Majoring in gender and women’s studies helped this graduate find her voice

May 19, 2025

This I’m a Berkeleyan was written as a first-person narrative compiled from a UC Berkeley News interview with student Daniela Guadalupe Castellanos, who’s graduating this May. 

This is my third year at Berkeley, but I’m graduating already. I am from northeast Sacramento, a really small town, Cameron Park, where there’s nothing really there except McDonald’s.

When I first arrived at Berkeley, I was overwhelmed by impostor syndrome. Back home, every passing smile felt like a reminder that I belonged somewhere. But here, I felt invisible. I could walk across campus, and it was as if no one noticed I was there. That loneliness cut deeper than I expected, not just because I missed home, but because I began to question whether I deserved to be here at all. However, that experience didn’t break me; it pushed and motivated me. It made me fiercely committed to building spaces of belonging and nurturing relationships with others.

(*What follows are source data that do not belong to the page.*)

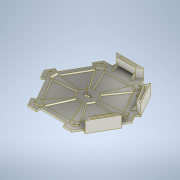
# Autodesk Inventor part: HexagoneBack
Saved by Autodesk Inventor 2020 (Build 240168000, 168)
## iProperties
Created: 2020-04-08
Part Number: HexagoneBack
Material: Silver
Document SubType Name: Modeling
Designer: Samuele
Density: 10.49 g/cm^3
Appearance: Silver
Author: Samuele
## iProperties of the stored document _3DPrint.ipt
Created: 2020-04-27
Part Number: _3DPrint
Material: Generic
Document SubType Name: Modeling
Designer: Samuele
Density: 1 g/cm^3
Appearance: Default
Author: Samuele
Autodesk Inventor part; units mm, degrees
ref_plane "YZ Plane" through (0, 0, 0) normal (1, 0, 0) x (0, 1, 0)
ref_plane "XZ Plane" through (0, 0, 0) normal (0, 1, 0) x (-1, 0, 0)
ref_plane "XY Plane" through (0, 0, 0) normal (0, 0, 1) x (1, 0, 0)
sketch "Sketch6" plane through (0, 0, 0) normal (0, 1, 0) x (-1, 0, 0)
  line L0 (102.5, -48.5) -> (-37.5, -48.5)
  line L1 (32.5, -118.5) -> (32.5, 21.5)
  line L2 (102.5, -48.5) -> (67.5, -109.1218)
  line L3 (67.5, -109.1218) -> (-2.5, -109.1218)
  line L4 (-2.5, -109.1218) -> (-37.5, -48.5)
  line L5 (-37.5, -48.5) -> (-2.5, 12.1218)
  line L6 (-2.5, 12.1218) -> (67.5, 12.1218)
  line L7 (67.5, 12.1218) -> (102.5, -48.5)
  line L8 (32.5, 12.1218) -> (85, -18.1891)
  line L9 (85, -18.1891) -> (85, -78.8109)
  line L10 (85, -78.8109) -> (32.5, -109.1218)
  line L11 (32.5, -109.1218) -> (-20, -78.8109)
  line L12 (-20, -78.8109) -> (-20, -18.1891)
  line L13 (-20, -18.1891) -> (32.5, 12.1218)
  line L14 (32.5, 12.1218) -> (47.5, 12.1218)
  line L15 (47.5, 12.1218) -> (47.5, 5.6218)
  line L16 (47.5, 5.6218) -> (17.5, 5.6218)
  line L17 (17.5, 5.6218) -> (17.5, 12.1218)
  line L18 (47.5, 5.6218) -> (56.6924, 5.6218) construction
  line L19 (17.5, 8.8718) -> (20, 8.8718)
  line L20 (47.5, 8.8718) -> (45, 8.8718)
  line L21 (45, 8.8718) -> (45, 10.1218)
  line L22 (45, 10.1218) -> (20, 10.1218)
  line L23 (20, 10.1218) -> (20, 7.6218)
  line L24 (20, 7.6218) -> (45, 7.6218)
  line L25 (45, 7.6218) -> (45, 10.1218)
  line L26 (67.5, 12.1218) -> (32.5, -48.5)
  line L27 (32.5, -48.5) -> (67.5, -109.1218)
  line L28 (47.5, 5.6218) -> (56.6924, 5.6218)
  line L29 (17.5, 5.6218) -> (11, 5.6218)
  line L30 (17.5, 12.1218) -> (11, 5.6218)
  line L31 (17.5, 12.1218) -> (26.6924, 12.1218) construction
  line L32 (47.5, 12.1218) -> (54, 5.6218)
  line L33 (85, -18.1891) -> (77.5, -5.1987)
  line L34 (77.5, -5.1987) -> (71.8708, -8.4487)
  line L35 (71.8708, -8.4487) -> (86.8708, -34.4295)
  line L36 (86.8708, -34.4295) -> (92.5, -31.1795)
  line L37 (71.8708, -8.4487) -> (67.2746, -0.4879) construction
  line L38 (89.6854, -32.8045) -> (88.4354, -30.6394)
  line L39 (74.6854, -6.8237) -> (75.9354, -8.9888)
  line L40 (75.9354, -8.9888) -> (77.0179, -8.3638)
  line L41 (77.0179, -8.3638) -> (89.5179, -30.0144)
  line L42 (89.5179, -30.0144) -> (87.3529, -31.2644)
  line L43 (87.3529, -31.2644) -> (74.8529, -9.6138)
  line L44 (74.8529, -9.6138) -> (77.0179, -8.3638)
  line L45 (71.8708, -8.4487) -> (67.2746, -0.4879)
  line L46 (86.8708, -34.4295) -> (90.1208, -40.0587)
  line L47 (92.5, -31.1795) -> (90.1208, -40.0587)
  line L48 (92.5, -31.1795) -> (87.9038, -23.2187) construction
  line L49 (77.5, -5.1987) -> (68.6208, -2.8196)
  line L50 (71.8708, -88.5513) -> (67.2746, -96.5121) construction
  line L51 (74.6854, -90.1763) -> (75.9354, -88.0112)
  line L52 (74.8529, -87.3862) -> (77.0179, -88.6362)
  line L53 (77.5, -91.8013) -> (71.8708, -88.5513)
  line L54 (77.5, -91.8013) -> (68.6208, -94.1804)
  line L55 (71.8708, -88.5513) -> (67.2746, -96.5121)
  line L56 (77.0179, -88.6362) -> (89.5179, -66.9856)
  line L57 (87.3529, -65.7356) -> (74.8529, -87.3862)
  line L58 (71.8708, -88.5513) -> (86.8708, -62.5705)
  line L59 (89.5179, -66.9856) -> (87.3529, -65.7356)
  line L60 (89.6854, -64.1955) -> (88.4354, -66.3606)
  line L61 (86.8708, -62.5705) -> (92.5, -65.8205)
  line L62 (86.8708, -62.5705) -> (90.1208, -56.9413)
  line L63 (92.5, -65.8205) -> (90.1208, -56.9413)
  line L64 (94.9944, -48.5) -> (63.7472, -102.6218)
  line L65 (-29.9944, -48.5) -> (1.2528, 5.6218)
  line L66 (1.2528, 5.6218) -> (63.7472, 5.6218)
  line L67 (63.7472, 5.6218) -> (94.9944, -48.5)
  line L68 (32.5, -109.1218) -> (32.5, -115.6218)
  line L69 (32.5, -115.6218) -> (54, -115.6218)
  line L70 (47.5, -115.6218) -> (47.5, -109.1218)
  line L71 (32.5, -115.6218) -> (11, -115.6218)
  line L72 (17.5, -115.6218) -> (17.5, -109.1218)
  line L73 (54, -115.6218) -> (54, -109.1218)
  line L74 (11, -115.6218) -> (11, -109.1218)
  line L75 (90.1208, -40.0587) -> (95.75, -36.8087)
  line L76 (68.6208, -2.8196) -> (74.25, 0.4304)
  line L77 (90.1208, -56.9413) -> (95.75, -60.1913)
  line L78 (68.6208, -94.1804) -> (74.25, -97.4304)
  line L79 (11, 5.6218) -> (11, 12.1218)
  line L80 (54, 5.6218) -> (54, 12.1218)
  line L81 (32.5, -109.1218) -> (32.5, -111.1218)
  line L82 (32.5, -111.1218) -> (45.5, -111.1218)
  line L83 (45.5, -111.1218) -> (45.5, -113.6218)
  line L84 (45.5, -113.6218) -> (19.5, -113.6218)
  line L85 (19.5, -113.6218) -> (19.5, -111.1218)
  line L86 (19.5, -111.1218) -> (32.5, -111.1218)
  line L87 (32.5, -48.5) -> (-2.5, -109.1218)
  line L88 (32.5, -48.5) -> (-2.5, 12.1218)
  line L89 (-20, -78.8109) -> (-25.6292, -82.0609)
  line L90 (-25.6292, -82.0609) -> (-36.3792, -63.4413)
  line L91 (-33.1292, -69.0705) -> (-27.5, -65.8205)
  line L92 (-25.6292, -82.0609) -> (-14.8792, -100.6804)
  line L93 (-18.1292, -95.0513) -> (-12.5, -91.8013)
  line L94 (-36.3792, -63.4413) -> (-30.75, -60.1913)
  line L95 (-14.8792, -100.6804) -> (-9.25, -97.4304)
  line L96 (-20, -78.8109) -> (-21.7321, -79.8109)
  line L97 (-21.7321, -79.8109) -> (-28.2321, -68.5526)
  line L98 (-28.2321, -68.5526) -> (-30.3971, -69.8026)
  line L99 (-30.3971, -69.8026) -> (-17.3971, -92.3192)
  line L100 (-17.3971, -92.3192) -> (-15.2321, -91.0692)
  line L101 (-15.2321, -91.0692) -> (-21.7321, -79.8109)
  line L102 (-20, -18.1891) -> (-25.6292, -14.9391)
  line L103 (-25.6292, -14.9391) -> (-36.3792, -33.5587)
  line L104 (-33.1292, -27.9295) -> (-27.5, -31.1795)
  line L105 (-25.6292, -14.9391) -> (-14.8792, 3.6804)
  line L106 (-18.1292, -1.9487) -> (-12.5, -5.1987)
  line L107 (-15.2321, -5.9308) -> (-21.7321, -17.1891)
  line L108 (-20, -18.1891) -> (-21.7321, -17.1891)
  line L109 (-21.7321, -17.1891) -> (-28.2321, -28.4474)
  line L110 (-14.8792, 3.6804) -> (-9.25, 0.4304)
  line L111 (-36.3792, -33.5587) -> (-30.75, -36.8087)
  line L112 (-17.3971, -4.6808) -> (-15.2321, -5.9308)
  line L113 (-28.2321, -28.4474) -> (-30.3971, -27.1974)
  line L114 (-30.3971, -27.1974) -> (-17.3971, -4.6808)
  line L115 (-29.3146, -27.8224) -> (-30.3146, -29.5545)
  line L116 (-29.3146, -69.1776) -> (-30.3146, -67.4455)
  line L117 (-16.3146, -91.6942) -> (-15.3146, -93.4263)
  line L118 (19.5, -112.3718) -> (17.5, -112.3718)
  line L119 (45.5, -112.3718) -> (47.5, -112.3718)
  line L120 (-15.3146, -3.5737) -> (-16.3146, -5.3058)
  line L121 (19.5, -111.1218) -> (19.5, -109.1218)
  line L122 (45.5, -111.1218) -> (45.5, -109.1218)
  line L123 (-15.2321, -91.0692) -> (-13.5, -90.0692)
  line L124 (-28.2321, -68.5526) -> (-26.5, -67.5526)
  line L125 (-15.2321, -5.9308) -> (-13.5, -6.9308)
  line L126 (-28.2321, -28.4474) -> (-26.5, -29.4474)
  line L127 (63.7472, -102.6218) -> (1.2528, -102.6218)
  line L128 (1.2528, -102.6218) -> (-29.9944, -48.5)
  line L129 (-29.9944, -48.5) -> (1.2528, 5.6218)
  line L130 (1.2528, 5.6218) -> (63.7472, 5.6218)
  line L131 (63.7472, 5.6218) -> (94.9944, -48.5)
  line L132 (94.9944, -48.5) -> (63.7472, -102.6218)
  line L133 (-29.9944, -48.5) -> (-27.9944, -48.5)
  line L134 (-27.9944, -48.5) -> (2.2528, 3.8897)
  line L135 (2.2528, 3.8897) -> (62.7472, 3.8897)
  line L136 (62.7472, 3.8897) -> (92.9944, -48.5)
  line L137 (92.9944, -48.5) -> (62.7472, -100.8897)
  line L138 (62.7472, -100.8897) -> (2.2528, -100.8897)
  line L139 (2.2528, -100.8897) -> (-27.9944, -48.5)
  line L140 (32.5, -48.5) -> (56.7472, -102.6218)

In my pursuit of community, I joined LPLS, which is the Latine Pre-Law Society. The people are amazing and welcoming. A lot of the [experiences] that I thought were only me when I came to Berkeley freshman year, like, “Why am I so close to my family?,” all of them had similar experiences. They were so passionate and involved in Mexican culture, all the most beautiful parts of it. We, as the children of immigrants, are still continuing the culture and building more for future generations within places not designed for us to succeed. I want to retain my traditions and my language because those are the ties I have to my family that I work so hard to give back to.